»»
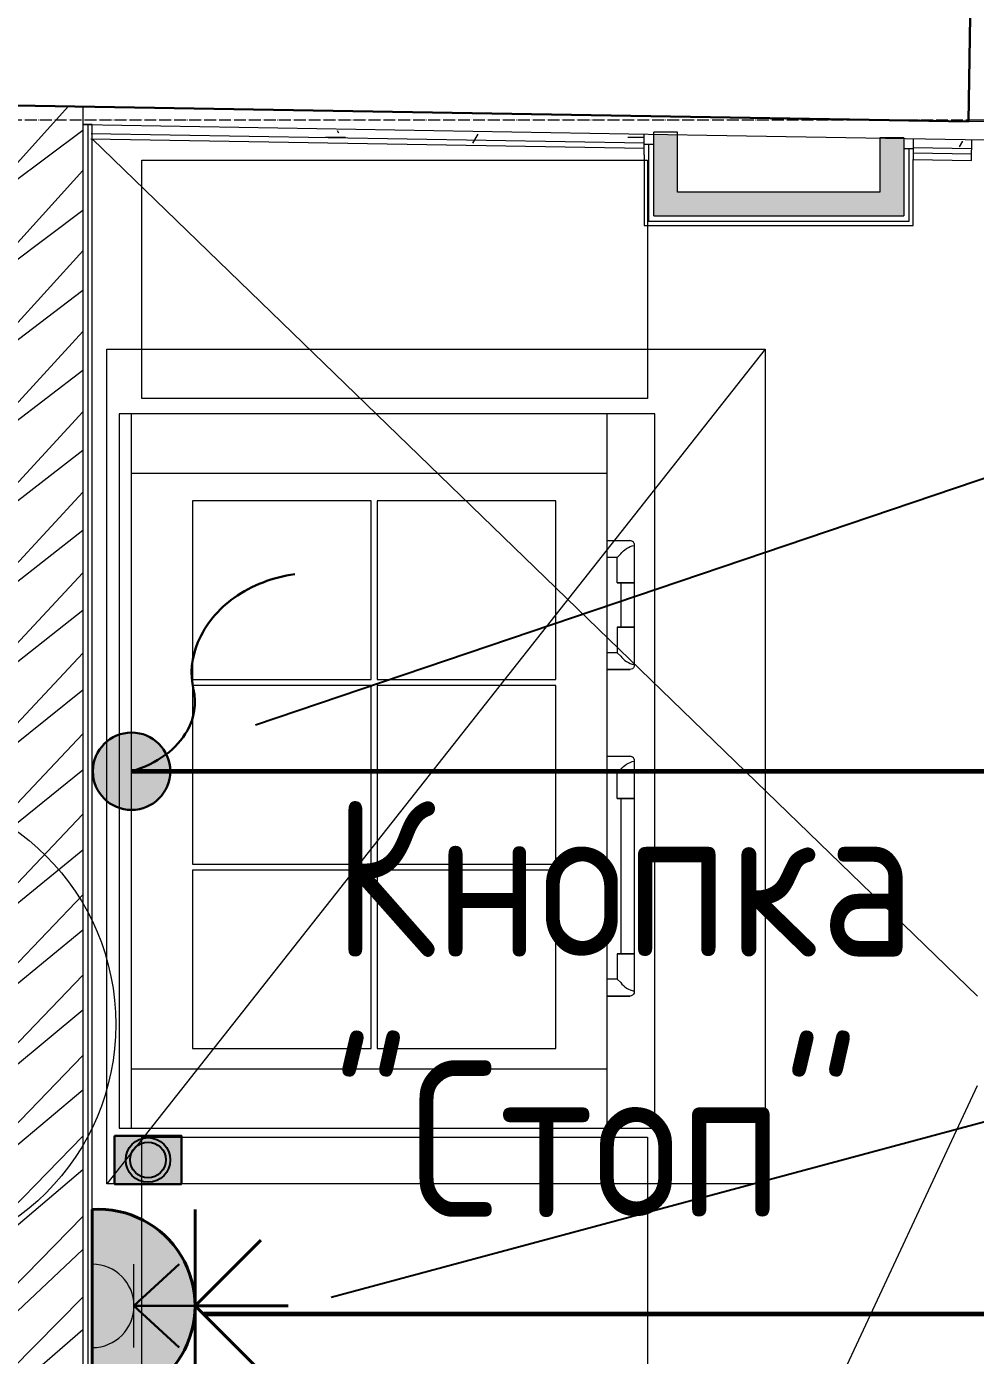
# Model space of a CAD drawing. Header units: millimetres. Extents: x -32 to 417638015, y -35 to 175284279.
# Drawn here: x 416316113 to 416317708, y 175266169 to 175268401 of the extents above; entities that cross this region are included whole.
import ezdxf
from ezdxf.enums import TextEntityAlignment as Align

# ---------------------------------------------------------------- set-up
doc = ezdxf.new("R2010")
doc.units = ezdxf.units.MM
doc.linetypes.add('ADSK_Линия сетки', pattern=[25, 20, -2.5, 0, -2.5])
for name, color, linetype, lineweight in [('_ЭМ_гофра', 5, 'Continuous', 60), ('_ЭМ_Розетки комп', 1, 'Continuous', 30), ('_ЭМ_ТХ_пищеблок', 7, 'Continuous', 30), ('Атрибут', 7, 'Continuous', 5), ('Оборудование', 7, 'Continuous', 18), ('Оборудование пищеблок', 250, 'Continuous', 5), ('Оси', 253, 'Continuous', 9), ('Перекрытие', 7, 'Continuous', 18), ('Пищ_ОБорудование', 7, 'Continuous', 0), ('Стены внутренние', 7, 'Continuous', 18), ('Стены несущие', 7, 'Continuous', 30), ('Стены отделка', 7, 'Continuous', 30), ('Стены штриховка', 7, 'Continuous', 9), ('ТХ_розетки', 3, 'Continuous', 13), ('ШТРИХОВКА', 252, 'Continuous', 15), ('ЭМ', 5, 'Continuous', 40), ('ЭО', 94, 'Continuous', 30), ('ЭОМ_Кабельный вывод', 1, 'Continuous', 35)]:
    doc.layers.add(name, color=color, linetype=linetype, lineweight=lineweight)
doc.layers.add('PDF __ЭМ_Надписи', color=7, linetype='Continuous')
doc.layers.add('ЭОМ_Лотки рабочие', color=5, linetype='Continuous')
doc.layers.add('Линии', color=7, linetype='Continuous', lineweight=9, true_color=0x00a600)
doc.styles.add('GOST Common', font='GOST_Common.ttf', dxfattribs={"width": 0.9, "height": 349.9999999999996})
doc.styles.add('ISOCPEUR', font='isocpeur.ttf', dxfattribs={"width": 0.85, "height": 274.9999999999997})
pattern_1 = [(0, (557.2005734382547, 188.9018102923583), (406.4, 101.6), [33.528, -271.272, 33.528, -271.272, -1625.6]), (0, (557.2005734382547, 188.9018102923583), (406.4, 101.6), [-609.6, 33.528, -576.072, 33.528, -271.272, -711.2]), (0, (557.2005734382547, 188.9018102923583), (406.4, 101.6), [-1524, 33.528, -169.672, 33.528, -474.472]), (120, (709.6005734382488, 239.7018102923575), (-291.1881810244989, 301.1527240979959), [33.52799999999996, -271.2719999999997, 33.52799999999996, -271.2719999999997, -1625.599999999999]), (120, (709.6005734382488, 239.7018102923575), (-291.1881810244989, 301.1527240979959), [-609.5999999999995, 33.52799999999996, -576.0719999999994, 33.52799999999996, -271.2719999999997, -711.1999999999995]), (120, (709.6005734382488, 239.7018102923575), (-291.1881810244989, 301.1527240979959), [-1523.999999999999, 33.52799999999996, -169.6719999999999, 33.52799999999996, -474.4719999999997]), (240, (760.4005734382372, 442.9018102923583), (-115.2118189755009, -402.7527240979958), [33.528, -271.272, 33.528, -271.272, -1625.6]), (240, (760.4005734382372, 442.9018102923583), (-115.2118189755009, -402.7527240979958), [-609.6, 33.528, -576.072, 33.528, -271.272, -711.2]), (240, (760.4005734382372, 442.9018102923583), (-115.2118189755009, -402.7527240979958), [-1524, 33.528, -169.672, 33.528, -474.472])]

# ---------------------------------------------------------------- blocks, each defined once
blk = doc.blocks.new('_ЭМ_ТХ_Пищеблок')
at = {"layer": 'Оборудование', "color": 8}
for p, q in [((59099.3280239724, 38314.72501551753, 2), (57993.3280239724, 36912.56058098594, 2)), ((57993.3280239724, 36912.56058098594, 2), (57993.3280239724, 38314.72501551753, 2)), ((57993.3280239724, 38314.72501551753, 2), (59099.3280239724, 38314.72501551753, 2)), ((59099.3280239724, 38314.72501551753, 2), (59099.3280239724, 36912.56058098594, 2)), ((59099.3280239724, 36912.56058098594, 2), (57993.3280239724, 36912.56058098594, 2))]:
    blk.add_line(p, q, dxfattribs=at)
at = {"layer": 'Оборудование пищеблок', "color": 8}
for points in [[(58901.91626988686, 38632.07654370178), (58901.91626988686, 38232.07654370178), (58051.91626988686, 38232.07654370178), (58051.91626988686, 38632.07654370178)], [(58901.91626988686, 36991.21493121373), (58901.91626988686, 36591.21493121373), (58051.91626988686, 36591.21493121373), (58051.91626988686, 36991.21493121373)]]:
    blk.add_lwpolyline(points, close=True, dxfattribs=at)
at = {"layer": 'Пищ_ОБорудование', "color": 8}
for points in [[(58914.16325894475, 38205.99289000712), (58014.16325894475, 38205.99289000712), (58014.16325894475, 37005.99289000712), (58914.16325894475, 37005.99289000712)], [(58834.16325894487, 37005.99289000715), (58834.16325894481, 38205.99289000718), (58034.16325894481, 38205.99289000715), (58034.16325894487, 37005.99289000715)], [(58834.16325894487, 37105.99289000715), (58834.16325894481, 38105.99289000718), (58034.16325894481, 38105.99289000715), (58034.16325894487, 37105.99289000715)], [(58437.48956234002, 37759.79906918938), (58437.48956234002, 38059.79906918938), (58137.48956234002, 38059.79906918938), (58137.48956234002, 37759.79906918938)], [(58747.48956234002, 37759.79906918938), (58747.48956234002, 38059.79906918938), (58447.48956234002, 38059.79906918938), (58447.48956234002, 37759.79906918938)], [(58437.48956234002, 37449.79906918938), (58437.48956234002, 37749.79906918938), (58137.48956234002, 37749.79906918938), (58137.48956234002, 37449.79906918938)], [(58747.48956234002, 37449.79906918938), (58747.48956234002, 37749.79906918938), (58447.48956234002, 37749.79906918938), (58447.48956234002, 37449.79906918938)], [(58437.48956234002, 37139.79906918938), (58437.48956234002, 37439.79906918938), (58137.48956234002, 37439.79906918938), (58137.48956234002, 37139.79906918938)], [(58747.48956234002, 37139.79906918938), (58747.48956234002, 37439.79906918938), (58447.48956234002, 37439.79906918938), (58447.48956234002, 37139.79906918938)]]:
    blk.add_lwpolyline(points, close=True, dxfattribs=at)
for points in [[(58834.16325894487, 37993.09832303299), (58872.70045474707, 37993.09832303299)], [(58850.64712711616, 37922.36149357769), (58879.16325894481, 37922.36149357769), (58850.64712711616, 37922.36149357769), (58850.64712711616, 37965.00250440804), (58856.7196203589, 37970.65468444701), (58850.64712711616, 37965.00250440804), (58834.16325894487, 37965.00250440804)], [(58879.16325894481, 37988.25777298684), (58879.16325894487, 37781.56892707714)], [(58856.7196203589, 37922.36149357769), (58856.7196203589, 37847.4652064862)], [(58850.64712711616, 37847.4652064862), (58879.16325894481, 37847.4652064862), (58850.64712711616, 37847.4652064862), (58850.64712711616, 37804.82419565585), (58856.7196203589, 37799.17201561687), (58850.64712711616, 37804.82419565585), (58834.16325894487, 37804.82419565585)], [(58872.700454748, 37776.72837703093), (58834.16325894487, 37776.72837703093)], [(58872.700454748, 37776.72837703093), (58834.16325894487, 37776.72837703093)], [(58834.16325894487, 37776.72837703093), (58872.700454748, 37776.72837703093)], [(58834.16325894487, 37630.83125732472), (58872.700454748, 37630.83125732472)], [(58879.16325894481, 37625.9907072786), (58879.16325894481, 37233.05046791281)], [(58850.64712711616, 37560.09442786945), (58879.16325894481, 37560.09442786945), (58850.64712711616, 37560.09442786945), (58850.64712711616, 37602.7354386998), (58856.7196203589, 37608.38761873878), (58850.64712711616, 37602.7354386998), (58834.16325894487, 37602.7354386998)], [(58856.7196203589, 37560.09442786945), (58856.7196203589, 37298.94674732196)], [(58850.64712711616, 37298.94674732196), (58879.16325894481, 37298.94674732196), (58850.64712711616, 37298.94674732196), (58850.64712711616, 37256.3057364916), (58856.7196203589, 37250.65355645263), (58850.64712711616, 37256.3057364916), (58834.16325894487, 37256.3057364916)], [(58872.700454748, 37228.20991786668), (58834.16325894487, 37228.20991786668)], [(58834.16325894487, 37228.20991786668), (58872.700454748, 37228.20991786668)]]:
    blk.add_lwpolyline(points, dxfattribs=at)
for points in [[(58879.16325894481, 37988.25777298684, 0.3329726735367526), (58872.25023704488, 37993.09832303296)], [(58850.64712711616, 37965.00250440804), (58856.7196203589, 37970.65468444701, -0.1801623100190192), (58879.16325894481, 37984.96971487504)], [(58850.64712711616, 37804.82419565585), (58856.7196203589, 37799.17201561687, 0.1801623100190192), (58879.16325894481, 37784.85698518885)], [(58879.16325894481, 37781.56892707705, -0.3329726735367526), (58872.25023704488, 37776.72837703093)], [(58850.64712711616, 37602.7354386998), (58856.7196203589, 37608.38761873878, -0.1801623100190192), (58879.16325894481, 37622.70264916681)], [(58879.16325894481, 37625.9907072786, 0.3329726735367526), (58872.25023704488, 37630.83125732472)], [(58850.64712711616, 37256.3057364916), (58856.7196203589, 37250.65355645263, 0.1801623100190192), (58879.16325894481, 37236.3385260246)], [(58879.16325894481, 37233.05046791281, -0.3329726735367526), (58872.25023704488, 37228.20991786668)]]:
    blk.add_lwpolyline(points, format="xyb", dxfattribs=at)
at = {"layer": 'Атрибут', "color": 8, "style": 'ISOCPEUR', "width": 0.85}
blk.add_attdef('№_ПОЗИЦИИ', text='', height=150, rotation=90, dxfattribs=at).set_placement((58331.67525722168, 39155.16258932042), align=Align.MIDDLE_CENTER)
blk = doc.blocks.new('ТХ пищеблок....')
at = {"layer": 'Оборудование', "color": 8}
for p, q in [((5328.03637521551, 21580.41792257992, 2), (5328.03637521551, 22982.5823571115, 2)), ((5328.03637521551, 22982.5823571115, 2), (6434.03637521551, 22982.5823571115, 2)), ((6434.03637521551, 22982.5823571115, 2), (5328.03637521551, 21580.41792257992, 2)), ((6434.03637521551, 22982.5823571115, 2), (6434.03637521551, 21580.41792257992, 2)), ((6434.03637521551, 21580.41792257992, 2), (5328.03637521551, 21580.41792257992, 2))]:
    blk.add_line(p, q, dxfattribs=at)
at = {"layer": 'Оборудование пищеблок', "color": 8}
for points in [[(6236.624621129944, 23299.93388529576), (6236.624621129944, 22899.93388529576), (5386.624621129944, 22899.93388529576), (5386.624621129944, 23299.93388529576)], [(6236.624621129944, 21659.07227280771), (6236.624621129944, 21259.07227280771), (5386.624621129944, 21259.07227280771), (5386.624621129944, 21659.07227280771)]]:
    blk.add_lwpolyline(points, close=True, dxfattribs=at)
at = {"layer": 'Пищ_ОБорудование', "color": 8}
for points in [[(6248.871610187867, 22873.85023160104), (5348.871610187867, 22873.85023160104), (5348.871610187867, 21673.85023160104), (6248.871610187867, 21673.85023160104)], [(6168.871610187984, 21673.8502316011), (6168.871610187925, 22873.85023160116), (5368.871610187925, 22873.8502316011), (5368.871610187984, 21673.8502316011)], [(6168.871610187984, 21773.8502316011), (6168.871610187925, 22773.85023160116), (5368.871610187925, 22773.8502316011), (5368.871610187984, 21773.8502316011)], [(5772.197913583135, 22427.6564107833), (5772.197913583135, 22727.6564107833), (5472.197913583135, 22727.6564107833), (5472.197913583135, 22427.6564107833)], [(6082.197913583135, 22427.6564107833), (6082.197913583135, 22727.6564107833), (5782.197913583135, 22727.6564107833), (5782.197913583135, 22427.6564107833)], [(5772.197913583135, 22117.6564107833), (5772.197913583135, 22417.6564107833), (5472.197913583135, 22417.6564107833), (5472.197913583135, 22117.6564107833)], [(6082.197913583135, 22117.6564107833), (6082.197913583135, 22417.6564107833), (5782.197913583135, 22417.6564107833), (5782.197913583135, 22117.6564107833)], [(5772.197913583135, 21807.6564107833), (5772.197913583135, 22107.6564107833), (5472.197913583135, 22107.6564107833), (5472.197913583135, 21807.6564107833)], [(6082.197913583135, 21807.6564107833), (6082.197913583135, 22107.6564107833), (5782.197913583135, 22107.6564107833), (5782.197913583135, 21807.6564107833)]]:
    blk.add_lwpolyline(points, close=True, dxfattribs=at)
for points in [[(6168.871610187984, 22660.9556646269), (6207.408805990184, 22660.9556646269)], [(6213.871610187925, 22656.11511458078), (6213.871610187984, 22449.42626867106)], [(6185.35547835927, 22590.21883517166), (6213.871610187925, 22590.21883517166), (6185.35547835927, 22590.21883517166), (6185.35547835927, 22632.85984600196), (6191.42797160201, 22638.51202604093), (6185.35547835927, 22632.85984600196), (6168.871610187984, 22632.85984600196)], [(6191.42797160201, 22590.21883517166), (6191.42797160201, 22515.32254808012)], [(6185.35547835927, 22515.32254808012), (6213.871610187925, 22515.32254808012), (6185.35547835927, 22515.32254808012), (6185.35547835927, 22472.68153724982), (6191.42797160201, 22467.02935721085), (6185.35547835927, 22472.68153724982), (6168.871610187984, 22472.68153724982)], [(6207.408805991116, 22444.58571862488), (6168.871610187984, 22444.58571862488)], [(6207.408805991116, 22444.58571862488), (6168.871610187984, 22444.58571862488)], [(6168.871610187984, 22444.58571862488), (6207.408805991116, 22444.58571862488)], [(6168.871610187984, 22298.68859891867), (6207.408805991116, 22298.68859891867)], [(6185.35547835927, 22227.95176946337), (6213.871610187925, 22227.95176946337), (6185.35547835927, 22227.95176946337), (6185.35547835927, 22270.59278029378), (6191.42797160201, 22276.24496033275), (6185.35547835927, 22270.59278029378), (6168.871610187984, 22270.59278029378)], [(6213.871610187925, 22293.84804887255), (6213.871610187925, 21900.90780950675)], [(6191.42797160201, 22227.95176946337), (6191.42797160201, 21966.80408891593)], [(6185.35547835927, 21966.80408891593), (6213.871610187925, 21966.80408891593), (6185.35547835927, 21966.80408891593), (6185.35547835927, 21924.16307808552), (6191.42797160201, 21918.51089804654), (6185.35547835927, 21924.16307808552), (6168.871610187984, 21924.16307808552)], [(6207.408805991116, 21896.06725946063), (6168.871610187984, 21896.06725946063)], [(6168.871610187984, 21896.06725946063), (6207.408805991116, 21896.06725946063)]]:
    blk.add_lwpolyline(points, dxfattribs=at)
for points in [[(6213.871610187925, 22656.11511458078, 0.3329726735367526), (6206.958588287991, 22660.9556646269)], [(6185.35547835927, 22632.85984600196), (6191.42797160201, 22638.51202604093, -0.1801623100190192), (6213.871610187925, 22652.82705646899)], [(6185.35547835927, 22472.68153724982), (6191.42797160201, 22467.02935721085, 0.1801623100190192), (6213.871610187925, 22452.71432678279)], [(6213.871610187925, 22449.426268671, -0.3329726735367526), (6206.958588287991, 22444.58571862488)], [(6213.871610187925, 22293.84804887255, 0.3329726735367526), (6206.958588287991, 22298.68859891867)], [(6185.35547835927, 22270.59278029378), (6191.42797160201, 22276.24496033275, -0.1801623100190192), (6213.871610187925, 22290.55999076075)], [(6185.35547835927, 21924.16307808552), (6191.42797160201, 21918.51089804654, 0.1801623100190192), (6213.871610187925, 21904.19586761855)], [(6213.871610187925, 21900.90780950675, -0.3329726735367526), (6206.958588287991, 21896.06725946063)]]:
    blk.add_lwpolyline(points, format="xyb", dxfattribs=at)
at = {"layer": 'ТХ_розетки', "color": 8, "lineweight": 0}
for p, q in [((5303.569871471846, 21305.58532085211), (5303.569871471846, 21445.58532085211)), ((5373.569871471846, 21305.58532085211), (5373.569871471846, 21445.58532085211))]:
    blk.add_line(p, q, dxfattribs=at)
at = {"layer": 'ТХ_розетки', "color": 8, "lineweight": 30}
for p, q in [((5449.628625785001, 21445.39872483315), (5373.569871471846, 21375.58532085211)), ((5373.569871471846, 21375.58532085211), (5473.569871471846, 21375.58532085211)), ((5449.628625785001, 21305.77191687108), (5373.569871471846, 21375.58532085211))]:
    blk.add_line(p, q, dxfattribs=at)
at = {"layer": 'ТХ_розетки', "color": 8, "lineweight": 0}
blk.add_arc((5303.569871471846, 21375.58532085211), 70, 270, 90, dxfattribs=at)
blk = doc.blocks.new('1 этаж')
at = {"layer": 'Стены внутренние', "lineweight": 9}
h = blk.add_hatch(dxfattribs=at)
h.set_pattern_fill('FP_12', color=8, style=0, pattern_type=2)
h.set_pattern_definition(pattern_1)
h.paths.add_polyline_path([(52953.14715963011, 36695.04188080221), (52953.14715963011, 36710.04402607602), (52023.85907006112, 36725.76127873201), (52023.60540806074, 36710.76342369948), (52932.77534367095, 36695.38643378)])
««
* REQUIRED WORK
Provide the lines again, unchanged, from where the data above begins through the line containing "-2.5, 0, -2.5])", both ends included, omitting pictures and adding nothing.

* ANSWER SPACE
# Model space of a CAD drawing. Header units: millimetres. Extents: x -32 to 417638015, y -35 to 175284279.
# Drawn here: x 416316113 to 416317708, y 175266169 to 175268401 of the extents above; entities that cross this region are included whole.
import ezdxf
from ezdxf.enums import TextEntityAlignment as Align

# ---------------------------------------------------------------- set-up
doc = ezdxf.new("R2010")
doc.units = ezdxf.units.MM
doc.linetypes.add('ADSK_Линия сетки', pattern=[25, 20, -2.5, 0, -2.5])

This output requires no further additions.